The printed result should hold only the lines from the opening of the data through the line bearing "#15743 = EDGE_CURVE", exactly as given and without pictures.
------
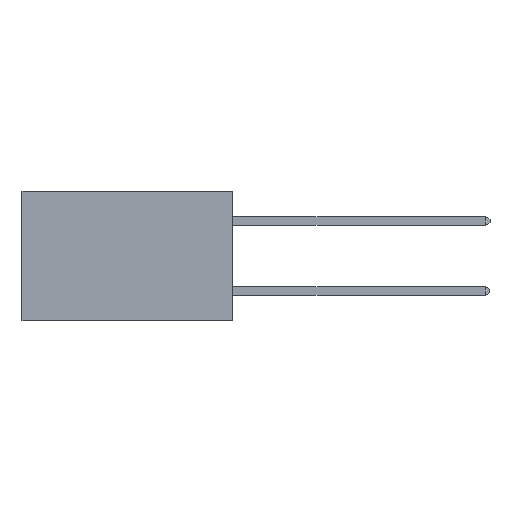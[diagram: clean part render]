
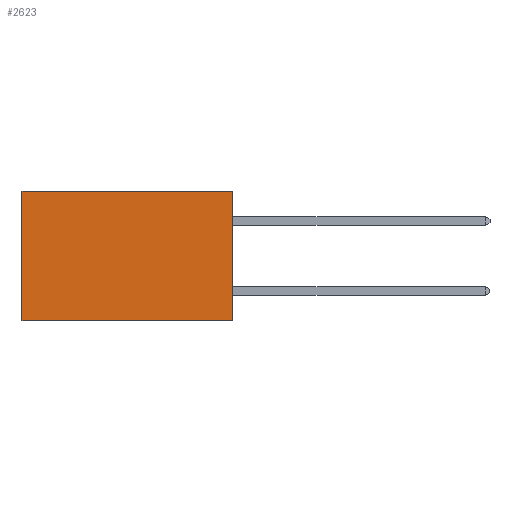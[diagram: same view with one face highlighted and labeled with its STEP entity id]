
A CAD part, left-side view. The second image highlights one B-rep face of the part: STEP entity #2623.
In plain terms, the highlighted planar face has unit normal (-1, 0, 0).
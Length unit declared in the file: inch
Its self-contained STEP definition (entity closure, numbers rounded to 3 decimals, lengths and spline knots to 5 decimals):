
#127 = DIRECTION ( 'NONE',  ( 0., 0., -1. ) ) ;
#252 = DIRECTION ( 'NONE',  ( 0., 1., 0. ) ) ;
#716 = CARTESIAN_POINT ( 'NONE',  ( 0.2875, 0., 0. ) ) ;
#1233 = LINE ( 'NONE', #716, #9993 ) ;
#1337 = CARTESIAN_POINT ( 'NONE',  ( 0.2875, 0.6, -0.37 ) ) ;
#2164 = LINE ( 'NONE', #20719, #14914 ) ;
#2431 = VERTEX_POINT ( 'NONE', #16007 ) ;
#2623 = ADVANCED_FACE ( 'NONE', ( #4125 ), #6195, .F. ) ;
#2806 = ORIENTED_EDGE ( 'NONE', *, *, #18144, .F. ) ;
#2812 = VERTEX_POINT ( 'NONE', #1337 ) ;
#3937 = AXIS2_PLACEMENT_3D ( 'NONE', #4412, #7850, #7928 ) ;
#4125 = FACE_OUTER_BOUND ( 'NONE', #9164, .T. ) ;
#4412 = CARTESIAN_POINT ( 'NONE',  ( 0.2875, 0., 0. ) ) ;
#4553 = LINE ( 'NONE', #20831, #21988 ) ;
#4908 = VERTEX_POINT ( 'NONE', #21683 ) ;
#6195 = PLANE ( 'NONE',  #3937 ) ;
#6552 = CARTESIAN_POINT ( 'NONE',  ( 0.2875, 0., 0. ) ) ;
#7850 = DIRECTION ( 'NONE',  ( 1., 0., 0. ) ) ;
#7928 = DIRECTION ( 'NONE',  ( 0., 0., -1. ) ) ;
#8290 = DIRECTION ( 'NONE',  ( 0., 1., 0. ) ) ;
#9164 = EDGE_LOOP ( 'NONE', ( #17131, #2806, #19970, #19516 ) ) ;
#9475 = DIRECTION ( 'NONE',  ( 0., 0., -1. ) ) ;
#9993 = VECTOR ( 'NONE', #9475, 39.37008 ) ;
#10822 = VECTOR ( 'NONE', #8290, 39.37008 ) ;
#10999 = CARTESIAN_POINT ( 'NONE',  ( 0.2875, 0., -0.37 ) ) ;
#12614 = VERTEX_POINT ( 'NONE', #10999 ) ;
#14914 = VECTOR ( 'NONE', #127, 39.37008 ) ;
#15743 = EDGE_CURVE ( 'NONE', #2431, #2812, #2164, .T. ) ;
#16007 = CARTESIAN_POINT ( 'NONE',  ( 0.2875, 0.6, 0. ) ) ;
#17018 = EDGE_CURVE ( 'NONE', #4908, #12614, #1233, .T. ) ;
#17131 = ORIENTED_EDGE ( 'NONE', *, *, #15743, .T. ) ;
#18144 = EDGE_CURVE ( 'NONE', #12614, #2812, #4553, .T. ) ;
#19516 = ORIENTED_EDGE ( 'NONE', *, *, #21084, .T. ) ;
#19830 = LINE ( 'NONE', #6552, #10822 ) ;
#19970 = ORIENTED_EDGE ( 'NONE', *, *, #17018, .F. ) ;
#20719 = CARTESIAN_POINT ( 'NONE',  ( 0.2875, 0.6, 0. ) ) ;
#20831 = CARTESIAN_POINT ( 'NONE',  ( 0.2875, 0., -0.37 ) ) ;
#21084 = EDGE_CURVE ( 'NONE', #4908, #2431, #19830, .T. ) ;
#21683 = CARTESIAN_POINT ( 'NONE',  ( 0.2875, 0., 0. ) ) ;
#21988 = VECTOR ( 'NONE', #252, 39.37008 ) ;
------
* EXPECTED OUTPUT:
[diagram: clean part render]
[diagram: same view with one face highlighted and labeled with its STEP entity id]
A CAD part, left-side view. The second image highlights one B-rep face of the part: STEP entity #2623.
In plain terms, the highlighted planar face has unit normal (-1, 0, 0).
Length unit declared in the file: inch
Its self-contained STEP definition (entity closure, numbers rounded to 3 decimals, lengths and spline knots to 5 decimals):
#127 = DIRECTION ( 'NONE',  ( 0., 0., -1. ) ) ;
#252 = DIRECTION ( 'NONE',  ( 0., 1., 0. ) ) ;
#716 = CARTESIAN_POINT ( 'NONE',  ( 0.2875, 0., 0. ) ) ;
#1233 = LINE ( 'NONE', #716, #9993 ) ;
#1337 = CARTESIAN_POINT ( 'NONE',  ( 0.2875, 0.6, -0.37 ) ) ;
#2164 = LINE ( 'NONE', #20719, #14914 ) ;
#2431 = VERTEX_POINT ( 'NONE', #16007 ) ;
#2623 = ADVANCED_FACE ( 'NONE', ( #4125 ), #6195, .F. ) ;
#2806 = ORIENTED_EDGE ( 'NONE', *, *, #18144, .F. ) ;
#2812 = VERTEX_POINT ( 'NONE', #1337 ) ;
#3937 = AXIS2_PLACEMENT_3D ( 'NONE', #4412, #7850, #7928 ) ;
#4125 = FACE_OUTER_BOUND ( 'NONE', #9164, .T. ) ;
#4412 = CARTESIAN_POINT ( 'NONE',  ( 0.2875, 0., 0. ) ) ;
#4553 = LINE ( 'NONE', #20831, #21988 ) ;
#4908 = VERTEX_POINT ( 'NONE', #21683 ) ;
#6195 = PLANE ( 'NONE',  #3937 ) ;
#6552 = CARTESIAN_POINT ( 'NONE',  ( 0.2875, 0., 0. ) ) ;
#7850 = DIRECTION ( 'NONE',  ( 1., 0., 0. ) ) ;
#7928 = DIRECTION ( 'NONE',  ( 0., 0., -1. ) ) ;
#8290 = DIRECTION ( 'NONE',  ( 0., 1., 0. ) ) ;
#9164 = EDGE_LOOP ( 'NONE', ( #17131, #2806, #19970, #19516 ) ) ;
#9475 = DIRECTION ( 'NONE',  ( 0., 0., -1. ) ) ;
#9993 = VECTOR ( 'NONE', #9475, 39.37008 ) ;
#10822 = VECTOR ( 'NONE', #8290, 39.37008 ) ;
#10999 = CARTESIAN_POINT ( 'NONE',  ( 0.2875, 0., -0.37 ) ) ;
#12614 = VERTEX_POINT ( 'NONE', #10999 ) ;
#14914 = VECTOR ( 'NONE', #127, 39.37008 ) ;
#15743 = EDGE_CURVE ( 'NONE', #2431, #2812, #2164, .T. ) ;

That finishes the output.